Row 16 RS/ 26 knit stitches.

Row 17/ 7 knit stitches, 12 purl stitches, 7 knit stitches.

Row 18 RS/ 26 knit stitches. No more increasing stitches.

Rows 19-21 like row 17.

Row 20 like row 18.

Row 22 RS/ knit like row 12 but without increasing. 5 knit stitches, slip 3 stitches to cable needle before working (hold at front), make 3 knit stitches, make 3 knit stitches from cable needle. Slip 3 stitches to cable needle (hold at back), make 3 knit stitches, make 3 knit stitches from cable needle, 5 knit stitches.

Beautiful Knit Scarf

Knit odd rows like row 17, and even rows like row 18. Every 10th RSR is like row 22. Knit until you get the length you need. Finish the scarf the same way, but instead of increasing stitches, you decrease (2 stitches together). Once you finish knitting the required length, cast on elastic in rounds around the edges: 2 knit stitches, 2 purl stitches (make sure that the elastic closes up). Cross yarn over on the slanted edges, and knit 7-10 rows (optional). Bind off all stitches.


----------



## dachsmom

That is a very pretty scarf. Thanks for posting!


----------



## yover8

That is a beautiful scarf! Thank you very much for reworking the translation into more understandable English terms!!! 

One question:

Does "cross yarn over" refer to making the cables?


----------



## snughollow

Lovely scarf. Thank for the pattern.


----------



## olithia

Very nice scarf. Thanks.


----------



## Fij from VH

Really pretty, thanks for translating. What size needle and yarn would you use?


----------



## Medieval Reenactor

Very pretty.

Also love the cowl/sweatery thing on the site below the picture of this one. It's almost $6.00 - I wonder if the directions need "translation", too?


----------



## grandmapaws

I am not a beginning knitter, but have never seen a few of the phrases in this pattern. One is cross yarn over, would that be yarn over? Also, cast on and "turn work over", don't understand that. Can someone explain? Thanks Gail


----------



## Pegdog

FANTASTIC! I'm starting this tonight.


----------



## run4fittness

thanks


----------



## Dsynr

dachsmom said:


> That is a very pretty scarf. Thanks for posting!

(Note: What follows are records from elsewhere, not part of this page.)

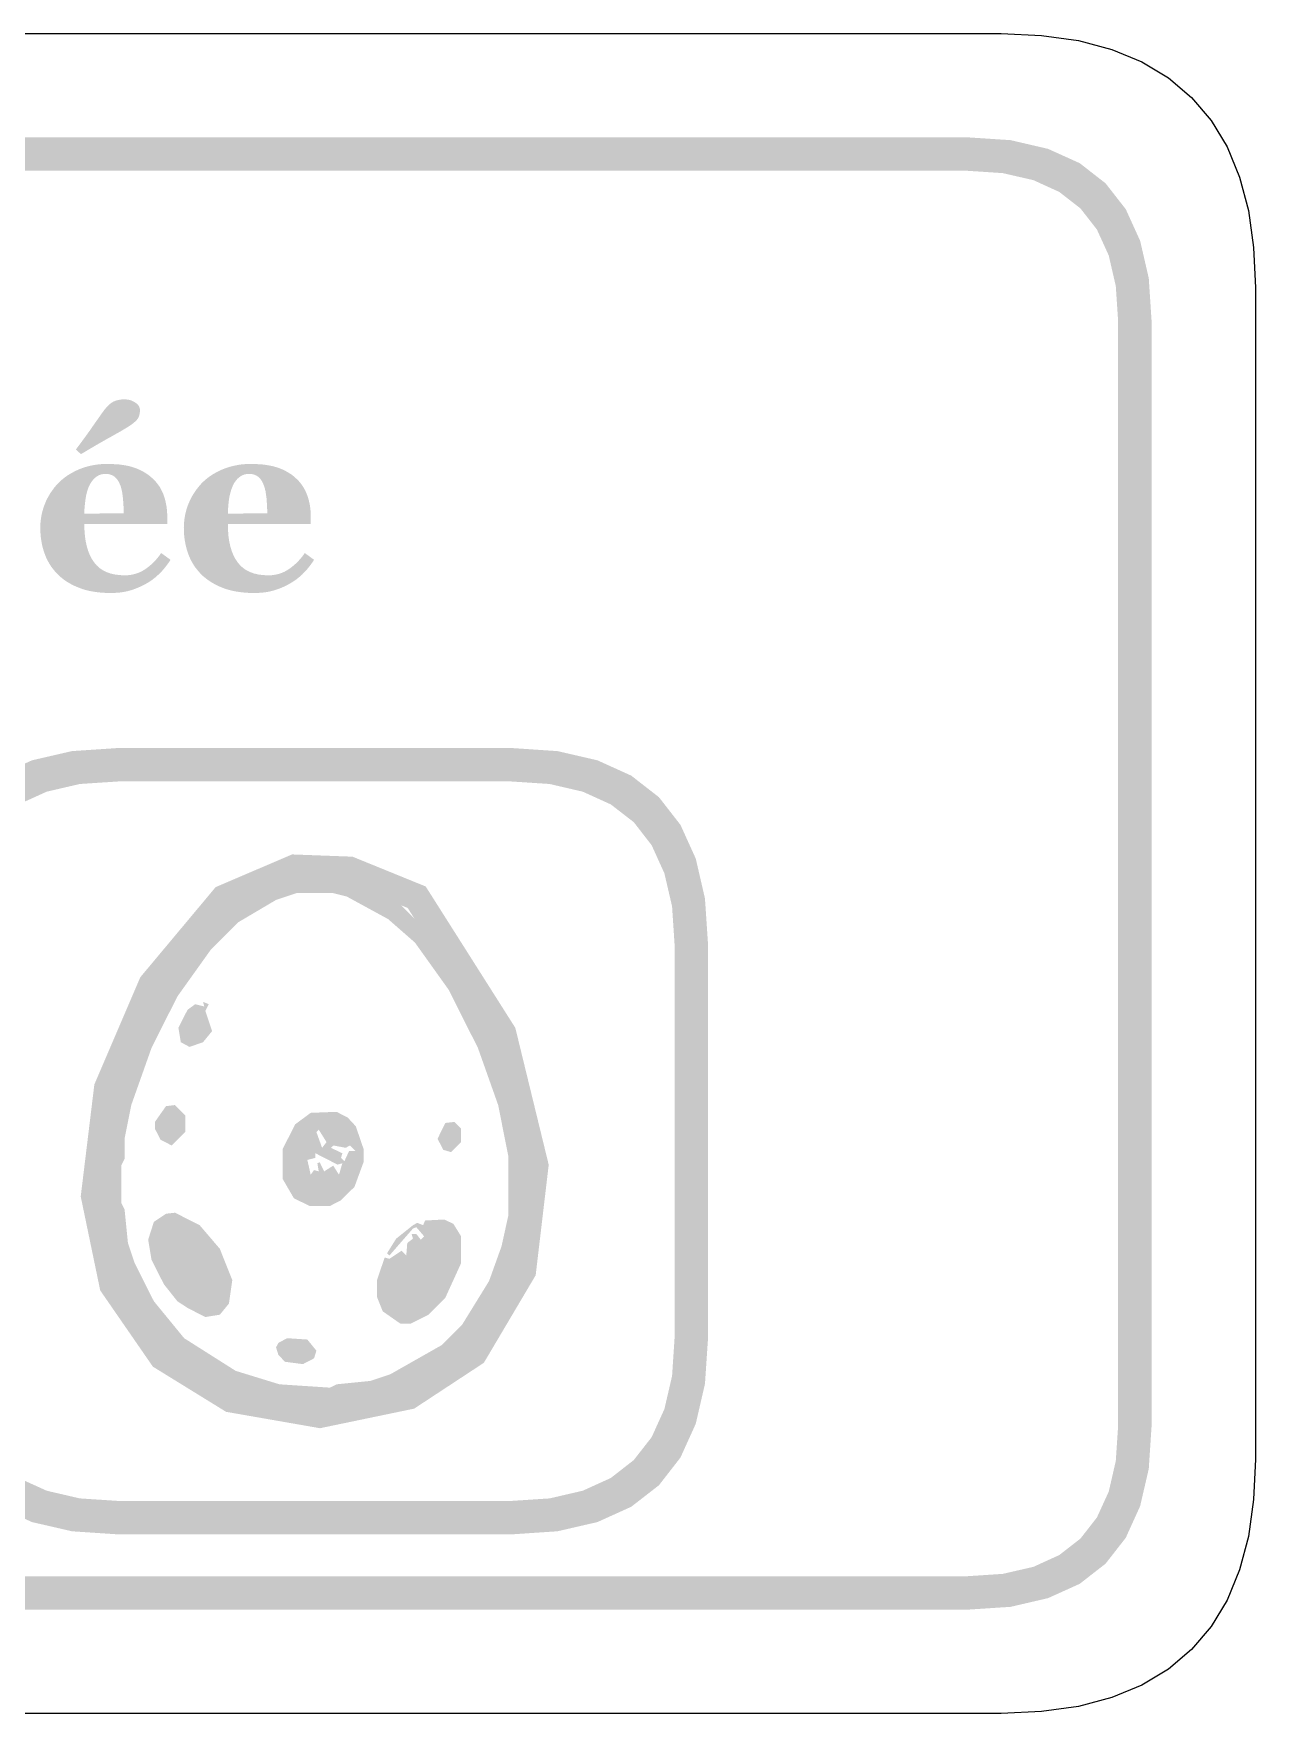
# Model space of a CAD drawing. Header units: millimetres. Extents: x 4 to 272, y 4 to 144.
# Drawn here: x 189.44 to 204.04, y 27.96 to 48.04 of the extents above; entities that cross this region are included whole.
import ezdxf

# ---------------------------------------------------------------- set-up
doc = ezdxf.new("R2010")
doc.units = ezdxf.units.MM
doc.layers.add('CUT', color=1, linetype='Continuous')
doc.layers.add('RASTER', color=7, linetype='Continuous')

msp = doc.modelspace()

# ---------------------------------------------------------------- hatches: boundary and pattern name
at = {"layer": 'RASTER'}
h = msp.add_hatch(color=7, dxfattribs=at)
h.paths.add_polyline_path([(141.2, 44.6), (141.234, 45.116), (141.337, 45.563), (141.509, 45.941), (141.75, 46.25), (142.059, 46.491), (142.438, 46.662), (142.884, 46.766), (143.4, 46.8), (200.6, 46.8), (201.116, 46.766), (201.563, 46.662), (201.941, 46.491), (202.25, 46.25), (202.491, 45.941), (202.663, 45.563), (202.766, 45.116), (202.8, 44.6), (202.8, 31.4), (202.766, 30.884), (202.663, 30.438), (202.491, 30.059), (202.25, 29.75), (201.941, 29.509), (201.563, 29.338), (201.116, 29.234), (200.6, 29.2), (143.4, 29.2), (142.884, 29.234), (142.438, 29.338), (142.059, 29.509), (141.75, 29.75), (141.509, 30.059), (141.337, 30.438), (141.234, 30.884), (141.2, 31.4)])
h.paths.add_polyline_path([(141.6, 44.6), (141.6, 31.4), (141.628, 30.978), (141.712, 30.613), (141.853, 30.303), (142.05, 30.05), (142.303, 29.853), (142.613, 29.712), (142.978, 29.628), (143.4, 29.6), (200.6, 29.6), (201.022, 29.628), (201.388, 29.712), (201.697, 29.853), (201.95, 30.05), (202.147, 30.303), (202.288, 30.612), (202.372, 30.978), (202.4, 31.4), (202.4, 44.6), (202.372, 45.022), (202.288, 45.387), (202.147, 45.697), (201.95, 45.95), (201.697, 46.147), (201.388, 46.288), (201.022, 46.372), (200.6, 46.4), (143.4, 46.4), (142.978, 46.372), (142.613, 46.288), (142.303, 46.147), (142.05, 45.95), (141.853, 45.697), (141.712, 45.387), (141.628, 45.022), (141.6, 44.6)], flags=0)
h = msp.add_hatch(color=7, dxfattribs=at)
h.paths.add_polyline_path([(191.077, 41.75), (191.064, 41.729), (191.05, 41.709), (191.035, 41.689), (191.02, 41.669), (191.004, 41.649), (190.988, 41.63), (190.971, 41.611), (190.953, 41.593), (190.934, 41.574), (190.915, 41.557), (190.896, 41.54), (190.875, 41.524), (190.855, 41.508), (190.833, 41.494), (190.811, 41.479), (190.788, 41.466), (190.764, 41.452), (190.739, 41.44), (190.714, 41.428), (190.689, 41.417), (190.665, 41.407), (190.64, 41.398), (190.615, 41.389), (190.59, 41.382), (190.564, 41.375), (190.538, 41.369), (190.51, 41.364), (190.482, 41.36), (190.452, 41.357), (190.422, 41.355), (190.391, 41.354), (190.359, 41.353), (190.306, 41.354), (190.254, 41.357), (190.205, 41.362), (190.157, 41.369), (190.111, 41.377), (190.067, 41.388), (190.025, 41.4), (189.985, 41.415), (189.946, 41.431), (189.909, 41.448), (189.874, 41.467), (189.841, 41.487), (189.809, 41.508), (189.779, 41.531), (189.751, 41.555), (189.725, 41.58), (189.7, 41.607), (189.677, 41.635), (189.655, 41.663), (189.635, 41.694), (189.617, 41.725), (189.6, 41.757), (189.585, 41.791), (189.572, 41.826), (189.56, 41.861), (189.549, 41.898), (189.541, 41.935), (189.534, 41.973), (189.528, 42.012), (189.524, 42.051), (189.522, 42.091), (189.521, 42.132), (189.522, 42.17), (189.524, 42.206), (189.529, 42.243), (189.535, 42.279), (189.542, 42.314), (189.552, 42.35), (189.563, 42.384), (189.576, 42.419), (189.59, 42.453), (189.606, 42.485), (189.624, 42.517), (189.642, 42.548), (189.663, 42.578), (189.684, 42.607), (189.707, 42.635), (189.732, 42.663), (189.758, 42.688), (189.785, 42.712), (189.814, 42.735), (189.845, 42.757), (189.877, 42.777), (189.911, 42.796), (189.946, 42.814), (189.983, 42.831), (190.022, 42.846), (190.061, 42.859), (190.102, 42.87), (190.144, 42.879), (190.187, 42.887), (190.231, 42.892), (190.276, 42.895), (190.322, 42.896), (190.372, 42.895), (190.42, 42.892), (190.466, 42.889), (190.509, 42.883), (190.55, 42.876), (190.589, 42.868), (190.625, 42.857), (190.659, 42.846), (190.691, 42.833), (190.722, 42.819), (190.752, 42.803), (190.78, 42.786), (190.806, 42.769), (190.831, 42.75), (190.855, 42.729), (190.877, 42.708), (190.898, 42.687), (190.916, 42.664), (190.934, 42.641), (190.95, 42.617), (190.964, 42.592), (190.977, 42.566), (190.989, 42.539), (190.999, 42.511), (191.008, 42.483), (191.016, 42.454), (191.022, 42.424), (191.028, 42.395), (191.032, 42.365), (191.035, 42.335), (191.037, 42.304), (191.037, 42.273), (191.037, 42.178), (190.047, 42.178), (190.049, 42.105), (190.054, 42.037), (190.063, 41.973), (190.076, 41.913), (190.092, 41.859), (190.112, 41.808), (190.135, 41.762), (190.163, 41.721), (190.194, 41.684), (190.229, 41.652), (190.269, 41.625), (190.312, 41.603), (190.36, 41.586), (190.413, 41.574), (190.469, 41.567), (190.53, 41.564), (190.564, 41.565), (190.597, 41.569), (190.63, 41.575), (190.661, 41.583), (190.692, 41.594), (190.721, 41.606), (190.75, 41.622), (190.778, 41.64), (190.805, 41.659), (190.831, 41.68), (190.856, 41.702), (190.88, 41.725), (190.903, 41.75), (190.924, 41.775), (190.945, 41.802), (190.965, 41.831)])
h.paths.add_polyline_path([(190.517, 42.307), (190.517, 42.329), (190.517, 42.351), (190.516, 42.373), (190.515, 42.396), (190.514, 42.418), (190.512, 42.441), (190.51, 42.464), (190.508, 42.487), (190.506, 42.509), (190.503, 42.531), (190.5, 42.551), (190.496, 42.571), (190.492, 42.589), (190.488, 42.606), (190.483, 42.623), (190.478, 42.638), (190.471, 42.654), (190.464, 42.67), (190.456, 42.685), (190.448, 42.698), (190.439, 42.711), (190.43, 42.722), (190.42, 42.732), (190.409, 42.742), (190.398, 42.75), (190.386, 42.757), (190.374, 42.763), (190.361, 42.768), (190.347, 42.772), (190.332, 42.775), (190.316, 42.776), (190.3, 42.777), (190.273, 42.775), (190.247, 42.77), (190.222, 42.761), (190.199, 42.748), (190.177, 42.732), (190.157, 42.713), (190.138, 42.689), (190.12, 42.663), (190.104, 42.632), (190.09, 42.597), (190.078, 42.558), (190.068, 42.515), (190.06, 42.468), (190.054, 42.416), (190.049, 42.361), (190.047, 42.301)], flags=0)
h.paths.add_polyline_path([(190.712, 43.539), (190.711, 43.523), (190.71, 43.507), (190.708, 43.493), (190.704, 43.479), (190.7, 43.466), (190.695, 43.454), (190.689, 43.443), (190.682, 43.432), (190.674, 43.422), (190.665, 43.412), (190.654, 43.402), (190.643, 43.392), (190.63, 43.381), (190.617, 43.371), (190.602, 43.36), (190.586, 43.35), (190.567, 43.337), (190.545, 43.324), (190.52, 43.309), (190.493, 43.293), (190.464, 43.276), (190.431, 43.258), (190.396, 43.238), (190.359, 43.217), (190.319, 43.195), (190.279, 43.172), (190.237, 43.148), (190.193, 43.123), (190.149, 43.097), (190.103, 43.07), (190.056, 43.042), (190.007, 43.013), (189.946, 43.068), (189.977, 43.11), (190.007, 43.15), (190.034, 43.187), (190.06, 43.222), (190.084, 43.256), (190.106, 43.286), (190.127, 43.315), (190.145, 43.342), (190.162, 43.367), (190.179, 43.391), (190.195, 43.414), (190.211, 43.436), (190.225, 43.457), (190.24, 43.477), (190.253, 43.497), (190.267, 43.515), (190.282, 43.537), (190.298, 43.556), (190.313, 43.574), (190.328, 43.59), (190.343, 43.604), (190.358, 43.617), (190.372, 43.627), (190.387, 43.636), (190.401, 43.643), (190.417, 43.65), (190.433, 43.655), (190.451, 43.66), (190.469, 43.663), (190.488, 43.666), (190.508, 43.667), (190.529, 43.668), (190.546, 43.667), (190.563, 43.665), (190.58, 43.662), (190.596, 43.658), (190.611, 43.653), (190.626, 43.646), (190.641, 43.638), (190.656, 43.629), (190.669, 43.62), (190.68, 43.61), (190.69, 43.599), (190.698, 43.588), (190.704, 43.576), (190.708, 43.564), (190.711, 43.552), (190.712, 43.539)])
h = msp.add_hatch(color=7, dxfattribs=at)
h.paths.add_polyline_path([(192.792, 41.75), (192.779, 41.729), (192.765, 41.709), (192.751, 41.689), (192.735, 41.669), (192.72, 41.649), (192.703, 41.63), (192.686, 41.611), (192.668, 41.593), (192.65, 41.574), (192.631, 41.557), (192.611, 41.54), (192.591, 41.524), (192.57, 41.508), (192.548, 41.494), (192.526, 41.479), (192.503, 41.466), (192.479, 41.452), (192.454, 41.44), (192.43, 41.428), (192.405, 41.417), (192.38, 41.407), (192.355, 41.398), (192.33, 41.389), (192.305, 41.382), (192.279, 41.375), (192.253, 41.369), (192.225, 41.364), (192.197, 41.36), (192.168, 41.357), (192.138, 41.355), (192.106, 41.354), (192.074, 41.353), (192.021, 41.354), (191.97, 41.357), (191.92, 41.362), (191.872, 41.369), (191.826, 41.377), (191.782, 41.388), (191.74, 41.4), (191.7, 41.415), (191.661, 41.431), (191.625, 41.448), (191.59, 41.467), (191.556, 41.487), (191.525, 41.508), (191.495, 41.531), (191.466, 41.555), (191.44, 41.58), (191.415, 41.607), (191.392, 41.635), (191.37, 41.663), (191.35, 41.694), (191.332, 41.725), (191.315, 41.757), (191.3, 41.791), (191.287, 41.826), (191.275, 41.861), (191.265, 41.898), (191.256, 41.935), (191.249, 41.973), (191.243, 42.012), (191.239, 42.051), (191.237, 42.091), (191.236, 42.132), (191.237, 42.17), (191.24, 42.206), (191.244, 42.243), (191.25, 42.279), (191.258, 42.314), (191.267, 42.35), (191.278, 42.384), (191.291, 42.419), (191.306, 42.453), (191.322, 42.485), (191.339, 42.517), (191.358, 42.548), (191.378, 42.578), (191.4, 42.607), (191.423, 42.635), (191.447, 42.663), (191.473, 42.688), (191.5, 42.712), (191.529, 42.735), (191.56, 42.757), (191.592, 42.777), (191.626, 42.796), (191.661, 42.814), (191.698, 42.831), (191.737, 42.846), (191.777, 42.859), (191.817, 42.87), (191.859, 42.879), (191.902, 42.887), (191.946, 42.892), (191.991, 42.895), (192.038, 42.896), (192.088, 42.895), (192.136, 42.892), (192.181, 42.889), (192.224, 42.883), (192.265, 42.876), (192.304, 42.868), (192.34, 42.857), (192.375, 42.846), (192.407, 42.833), (192.438, 42.819), (192.467, 42.803), (192.495, 42.786), (192.522, 42.769), (192.547, 42.75), (192.57, 42.729), (192.593, 42.708), (192.613, 42.687), (192.632, 42.664), (192.649, 42.641), (192.665, 42.617), (192.679, 42.592), (192.692, 42.566), (192.704, 42.539), (192.714, 42.511), (192.723, 42.483), (192.731, 42.454), (192.738, 42.424), (192.743, 42.395), (192.747, 42.365), (192.75, 42.335), (192.752, 42.304), (192.752, 42.273), (192.752, 42.178), (191.762, 42.178), (191.764, 42.105), (191.769, 42.037), (191.778, 41.973), (191.791, 41.913), (191.807, 41.859), (191.827, 41.808), (191.851, 41.762), (191.878, 41.721), (191.909, 41.684), (191.944, 41.652), (191.984, 41.625), (192.028, 41.603), (192.076, 41.586), (192.128, 41.574), (192.185, 41.567), (192.246, 41.564), (192.28, 41.565), (192.313, 41.569), (192.345, 41.575), (192.376, 41.583), (192.407, 41.594), (192.436, 41.606), (192.465, 41.622), (192.493, 41.64), (192.52, 41.659), (192.546, 41.68), (192.571, 41.702), (192.595, 41.725), (192.618, 41.75), (192.64, 41.775), (192.661, 41.802), (192.681, 41.831)])
h.paths.add_polyline_path([(192.232, 42.307), (192.232, 42.329), (192.232, 42.351), (192.231, 42.373), (192.23, 42.396), (192.229, 42.418), (192.227, 42.441), (192.226, 42.464), (192.224, 42.487), (192.221, 42.509), (192.218, 42.531), (192.215, 42.551), (192.212, 42.571), (192.207, 42.589), (192.203, 42.606), (192.198, 42.623), (192.193, 42.638), (192.186, 42.654), (192.179, 42.67), (192.172, 42.685), (192.163, 42.698), (192.155, 42.711), (192.145, 42.722), (192.135, 42.732), (192.125, 42.742), (192.114, 42.75), (192.102, 42.757), (192.089, 42.763), (192.076, 42.768), (192.062, 42.772), (192.047, 42.775), (192.032, 42.776), (192.016, 42.777), (191.988, 42.775), (191.962, 42.77), (191.937, 42.761), (191.914, 42.748), (191.892, 42.732), (191.872, 42.713), (191.853, 42.689), (191.835, 42.663), (191.82, 42.632), (191.806, 42.597), (191.794, 42.558), (191.783, 42.515), (191.775, 42.468), (191.769, 42.416), (191.765, 42.361), (191.762, 42.301)], flags=0)
h = msp.add_hatch(color=7, dxfattribs=at)
h.paths.add_polyline_path([(188.1, 37.15), (188.137, 37.701), (188.247, 38.178), (188.43, 38.582), (188.688, 38.912), (189.018, 39.17), (189.422, 39.353), (189.899, 39.463), (190.45, 39.5), (195.15, 39.5), (195.701, 39.463), (196.178, 39.353), (196.582, 39.17), (196.913, 38.912), (197.17, 38.582), (197.353, 38.178), (197.463, 37.701), (197.5, 37.15), (197.5, 32.45), (197.463, 31.899), (197.353, 31.422), (197.17, 31.018), (196.913, 30.687), (196.582, 30.43), (196.178, 30.247), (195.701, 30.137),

ditto. I can't wait to finish my WIPS and start it for ME!


----------



## Kaye3514

Oh only if I could knit thanks for sharing such a beautiful scarf


----------



## LadyBecket

Thank you so very much!!!!!!!!


----------



## kiwifrau

I haven't started this pattern myself as yet. Saw it this morning and will be knitting it soon. At the moment I can't help answer any of the questions that some of you have asked. Just thought it was too pretty not to share with KP members. I will answer some of your questions as to what I believe it means.


----------



## kiwifrau

yover8 said:


> That is a beautiful scarf! Thank you very much for reworking the translation into more understandable English terms!!!
> 
> One question:
> 
> Does "cross yarn over" refer to making the cables?


My understanding of "cross yarn over" would mean adding a stitch as as you read the rows it starts at 12 stitches and after your would have done the yarn over the stitches have increased to 14 etc., etc.


----------



## kiwifrau

Fij from VH said:


> Really pretty, thanks for translating. What size needle and yarn would you use?


Looks to me like a thicker yarn (wool) therefore you would use a larger needle.


----------



## kiwifrau

Medieval Reenactor said:


> Very pretty.
> 
> Also love the cowl/sweatery thing on the site below the picture of this one. It's almost $6.00 - I wonder if the directions need "translation", too?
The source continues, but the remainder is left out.